_Your assignment_
Each line of the listing that includes "copper" should be reported.

━━━━━━

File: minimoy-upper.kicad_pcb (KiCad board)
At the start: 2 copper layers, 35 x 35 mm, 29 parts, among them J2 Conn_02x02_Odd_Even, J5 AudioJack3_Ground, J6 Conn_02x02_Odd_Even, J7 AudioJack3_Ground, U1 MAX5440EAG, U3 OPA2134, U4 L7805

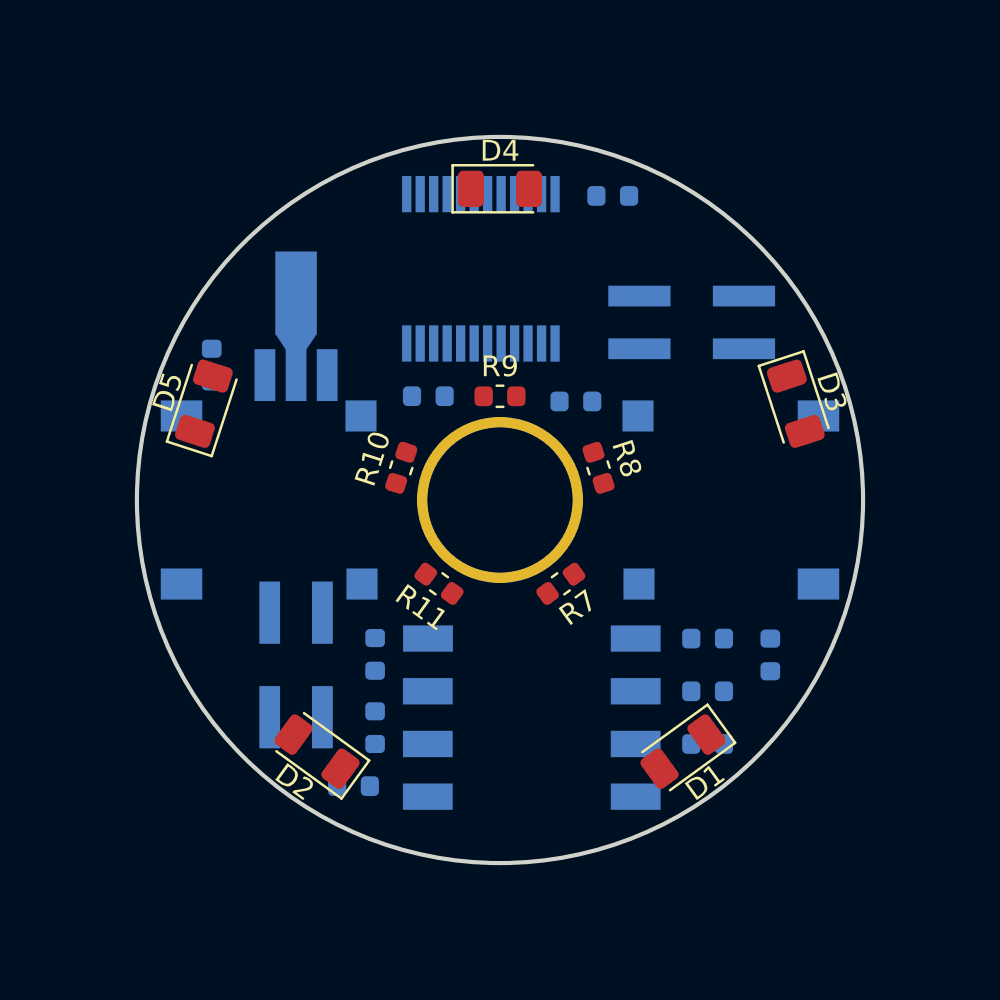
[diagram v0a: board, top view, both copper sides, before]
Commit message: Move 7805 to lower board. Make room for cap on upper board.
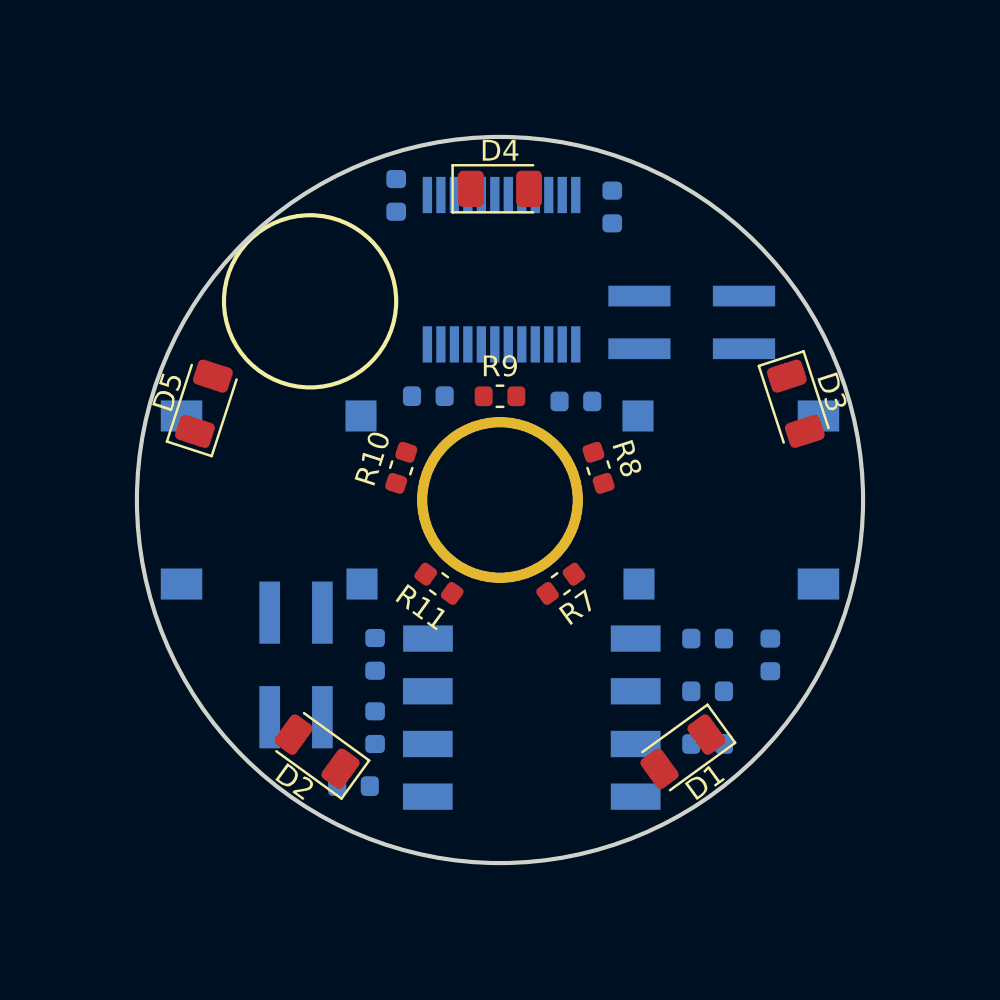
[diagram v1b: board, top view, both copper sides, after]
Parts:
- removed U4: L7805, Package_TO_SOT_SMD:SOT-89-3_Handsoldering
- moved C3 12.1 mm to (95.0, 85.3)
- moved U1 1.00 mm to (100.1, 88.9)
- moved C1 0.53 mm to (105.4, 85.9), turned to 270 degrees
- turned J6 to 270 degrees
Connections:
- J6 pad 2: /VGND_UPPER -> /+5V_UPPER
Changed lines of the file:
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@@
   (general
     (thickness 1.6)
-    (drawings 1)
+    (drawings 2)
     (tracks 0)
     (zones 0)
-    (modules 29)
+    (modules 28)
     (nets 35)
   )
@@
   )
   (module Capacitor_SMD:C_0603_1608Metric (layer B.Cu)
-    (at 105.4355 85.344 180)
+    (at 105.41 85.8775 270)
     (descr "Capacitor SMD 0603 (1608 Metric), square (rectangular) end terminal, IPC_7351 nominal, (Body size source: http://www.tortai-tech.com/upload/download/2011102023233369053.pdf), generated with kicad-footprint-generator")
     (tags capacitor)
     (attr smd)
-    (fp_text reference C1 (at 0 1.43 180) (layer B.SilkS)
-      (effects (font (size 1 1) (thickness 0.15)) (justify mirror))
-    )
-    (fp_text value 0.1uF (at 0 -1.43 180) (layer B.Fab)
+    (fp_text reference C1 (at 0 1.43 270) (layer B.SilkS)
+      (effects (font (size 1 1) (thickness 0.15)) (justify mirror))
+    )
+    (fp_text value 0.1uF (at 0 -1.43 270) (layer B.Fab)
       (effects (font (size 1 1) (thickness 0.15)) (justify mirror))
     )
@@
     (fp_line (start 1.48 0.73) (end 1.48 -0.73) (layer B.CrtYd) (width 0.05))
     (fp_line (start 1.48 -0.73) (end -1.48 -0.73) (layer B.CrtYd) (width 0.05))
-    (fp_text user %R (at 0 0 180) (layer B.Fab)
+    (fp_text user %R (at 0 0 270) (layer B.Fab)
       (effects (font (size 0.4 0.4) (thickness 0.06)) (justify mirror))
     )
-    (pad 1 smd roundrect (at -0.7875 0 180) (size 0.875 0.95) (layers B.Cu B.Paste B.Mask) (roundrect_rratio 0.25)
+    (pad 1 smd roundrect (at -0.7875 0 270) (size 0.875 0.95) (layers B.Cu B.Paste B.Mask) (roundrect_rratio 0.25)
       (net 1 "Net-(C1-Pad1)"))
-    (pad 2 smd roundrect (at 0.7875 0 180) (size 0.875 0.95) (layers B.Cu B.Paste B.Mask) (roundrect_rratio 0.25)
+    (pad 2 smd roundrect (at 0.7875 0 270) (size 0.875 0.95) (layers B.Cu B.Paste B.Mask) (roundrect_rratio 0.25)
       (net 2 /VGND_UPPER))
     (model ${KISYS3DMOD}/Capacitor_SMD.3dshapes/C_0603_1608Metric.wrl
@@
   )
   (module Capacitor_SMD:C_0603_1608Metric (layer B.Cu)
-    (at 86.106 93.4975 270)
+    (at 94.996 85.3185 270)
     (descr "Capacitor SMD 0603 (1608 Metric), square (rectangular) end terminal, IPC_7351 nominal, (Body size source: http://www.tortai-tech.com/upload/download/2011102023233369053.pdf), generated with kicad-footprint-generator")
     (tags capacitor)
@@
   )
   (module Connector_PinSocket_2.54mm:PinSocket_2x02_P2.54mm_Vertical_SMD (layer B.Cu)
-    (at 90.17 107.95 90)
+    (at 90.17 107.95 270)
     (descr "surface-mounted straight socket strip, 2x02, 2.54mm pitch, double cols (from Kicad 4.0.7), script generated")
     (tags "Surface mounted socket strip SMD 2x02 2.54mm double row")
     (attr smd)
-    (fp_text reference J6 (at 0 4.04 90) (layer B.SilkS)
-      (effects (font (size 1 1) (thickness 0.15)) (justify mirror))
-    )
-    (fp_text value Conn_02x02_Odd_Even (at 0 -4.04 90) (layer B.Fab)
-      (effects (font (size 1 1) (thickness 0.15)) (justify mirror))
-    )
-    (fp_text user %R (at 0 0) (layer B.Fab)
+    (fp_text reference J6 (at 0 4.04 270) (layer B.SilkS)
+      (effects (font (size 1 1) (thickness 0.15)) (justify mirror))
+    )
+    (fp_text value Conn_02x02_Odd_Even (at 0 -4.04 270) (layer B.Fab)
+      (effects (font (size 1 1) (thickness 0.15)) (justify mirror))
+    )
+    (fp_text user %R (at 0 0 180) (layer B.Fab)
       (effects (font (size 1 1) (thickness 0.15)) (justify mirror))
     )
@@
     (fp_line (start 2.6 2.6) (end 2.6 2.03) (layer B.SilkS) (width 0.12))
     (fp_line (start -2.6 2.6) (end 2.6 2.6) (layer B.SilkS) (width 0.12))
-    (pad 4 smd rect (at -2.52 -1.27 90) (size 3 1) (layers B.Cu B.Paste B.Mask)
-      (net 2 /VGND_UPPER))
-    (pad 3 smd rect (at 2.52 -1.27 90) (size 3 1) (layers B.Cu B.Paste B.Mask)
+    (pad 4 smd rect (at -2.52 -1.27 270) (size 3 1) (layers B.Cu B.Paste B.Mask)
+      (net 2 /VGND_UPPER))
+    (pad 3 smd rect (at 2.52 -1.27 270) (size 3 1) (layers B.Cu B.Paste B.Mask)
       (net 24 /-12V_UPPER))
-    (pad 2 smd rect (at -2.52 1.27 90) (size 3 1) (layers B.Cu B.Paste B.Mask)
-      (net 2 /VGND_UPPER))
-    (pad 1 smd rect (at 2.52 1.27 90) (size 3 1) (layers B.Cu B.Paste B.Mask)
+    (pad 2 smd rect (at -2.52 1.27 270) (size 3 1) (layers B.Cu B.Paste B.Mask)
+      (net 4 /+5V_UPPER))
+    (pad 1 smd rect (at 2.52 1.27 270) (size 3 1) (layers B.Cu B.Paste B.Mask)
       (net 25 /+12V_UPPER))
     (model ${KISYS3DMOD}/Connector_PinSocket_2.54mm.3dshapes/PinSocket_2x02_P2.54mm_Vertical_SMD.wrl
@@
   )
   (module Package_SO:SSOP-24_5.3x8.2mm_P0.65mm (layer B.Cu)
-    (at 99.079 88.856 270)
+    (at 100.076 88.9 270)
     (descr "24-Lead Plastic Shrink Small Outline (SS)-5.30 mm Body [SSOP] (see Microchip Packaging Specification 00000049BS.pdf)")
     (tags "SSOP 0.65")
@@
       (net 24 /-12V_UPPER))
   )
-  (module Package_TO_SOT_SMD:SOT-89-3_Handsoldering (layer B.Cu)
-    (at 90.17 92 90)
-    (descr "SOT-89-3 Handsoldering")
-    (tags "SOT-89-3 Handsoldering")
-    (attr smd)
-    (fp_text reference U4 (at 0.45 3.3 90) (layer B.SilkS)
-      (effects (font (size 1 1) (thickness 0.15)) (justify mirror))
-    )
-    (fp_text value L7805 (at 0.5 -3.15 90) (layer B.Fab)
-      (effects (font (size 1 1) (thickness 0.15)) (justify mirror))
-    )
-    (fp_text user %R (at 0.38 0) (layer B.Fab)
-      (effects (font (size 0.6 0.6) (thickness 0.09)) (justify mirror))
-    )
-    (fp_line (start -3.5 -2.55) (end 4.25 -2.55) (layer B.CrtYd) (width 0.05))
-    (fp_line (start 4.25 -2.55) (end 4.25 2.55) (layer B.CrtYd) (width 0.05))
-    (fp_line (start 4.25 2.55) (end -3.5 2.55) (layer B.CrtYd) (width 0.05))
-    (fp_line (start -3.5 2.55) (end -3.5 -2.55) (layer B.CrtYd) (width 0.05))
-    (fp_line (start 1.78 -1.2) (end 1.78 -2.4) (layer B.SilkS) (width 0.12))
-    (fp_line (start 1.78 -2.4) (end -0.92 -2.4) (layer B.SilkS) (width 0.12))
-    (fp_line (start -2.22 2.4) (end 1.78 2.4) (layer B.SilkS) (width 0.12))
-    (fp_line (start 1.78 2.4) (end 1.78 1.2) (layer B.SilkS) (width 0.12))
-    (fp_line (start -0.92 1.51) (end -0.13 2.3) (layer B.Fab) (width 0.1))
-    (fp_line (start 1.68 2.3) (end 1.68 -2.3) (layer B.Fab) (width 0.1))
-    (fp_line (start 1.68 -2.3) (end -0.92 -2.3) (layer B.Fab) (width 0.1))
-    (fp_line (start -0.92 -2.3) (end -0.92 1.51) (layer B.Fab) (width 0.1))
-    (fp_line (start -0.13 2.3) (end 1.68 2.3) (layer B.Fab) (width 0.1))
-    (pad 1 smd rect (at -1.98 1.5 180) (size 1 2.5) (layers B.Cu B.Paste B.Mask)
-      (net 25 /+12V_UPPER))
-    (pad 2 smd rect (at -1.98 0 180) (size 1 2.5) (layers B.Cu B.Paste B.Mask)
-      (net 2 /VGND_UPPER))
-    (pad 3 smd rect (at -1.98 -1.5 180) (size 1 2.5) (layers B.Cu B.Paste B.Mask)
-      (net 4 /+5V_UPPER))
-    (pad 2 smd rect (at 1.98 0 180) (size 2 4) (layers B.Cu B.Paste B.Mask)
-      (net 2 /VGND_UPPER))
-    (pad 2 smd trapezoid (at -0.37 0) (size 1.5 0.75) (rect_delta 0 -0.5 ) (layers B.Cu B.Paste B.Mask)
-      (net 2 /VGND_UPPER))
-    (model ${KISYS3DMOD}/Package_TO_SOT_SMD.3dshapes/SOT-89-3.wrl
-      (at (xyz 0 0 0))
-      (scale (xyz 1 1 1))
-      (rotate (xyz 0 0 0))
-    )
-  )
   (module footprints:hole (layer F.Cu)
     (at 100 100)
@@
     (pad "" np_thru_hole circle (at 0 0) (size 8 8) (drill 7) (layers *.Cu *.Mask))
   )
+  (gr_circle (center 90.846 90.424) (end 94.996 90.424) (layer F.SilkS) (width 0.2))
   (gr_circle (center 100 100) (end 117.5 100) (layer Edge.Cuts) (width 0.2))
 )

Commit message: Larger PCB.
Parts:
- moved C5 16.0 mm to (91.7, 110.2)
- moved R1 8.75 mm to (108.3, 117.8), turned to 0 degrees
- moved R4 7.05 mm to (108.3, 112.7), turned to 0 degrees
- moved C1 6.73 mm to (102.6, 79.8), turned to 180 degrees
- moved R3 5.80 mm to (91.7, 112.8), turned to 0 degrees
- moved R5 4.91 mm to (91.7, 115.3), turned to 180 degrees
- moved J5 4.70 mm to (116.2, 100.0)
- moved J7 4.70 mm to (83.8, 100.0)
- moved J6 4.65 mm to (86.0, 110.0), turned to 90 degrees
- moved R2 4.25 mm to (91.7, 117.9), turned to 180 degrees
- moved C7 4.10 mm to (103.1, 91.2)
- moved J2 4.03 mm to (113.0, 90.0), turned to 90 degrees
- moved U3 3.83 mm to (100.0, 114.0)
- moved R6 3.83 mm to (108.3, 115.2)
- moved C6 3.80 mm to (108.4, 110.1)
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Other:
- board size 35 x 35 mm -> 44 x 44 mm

━━━━━━

_Result_
At the start: 2 copper layers, 35 x 35 mm, 29 parts, among them J2 Conn_02x02_Odd_Even, J5 AudioJack3_Ground, J6 Conn_02x02_Odd_Even, J7 AudioJack3_Ground, U1 MAX5440EAG, U3 OPA2134, U4 L7805
[diagram v0a: board, top view, both copper sides, before]
[diagram v1b: board, top view, both copper sides, after]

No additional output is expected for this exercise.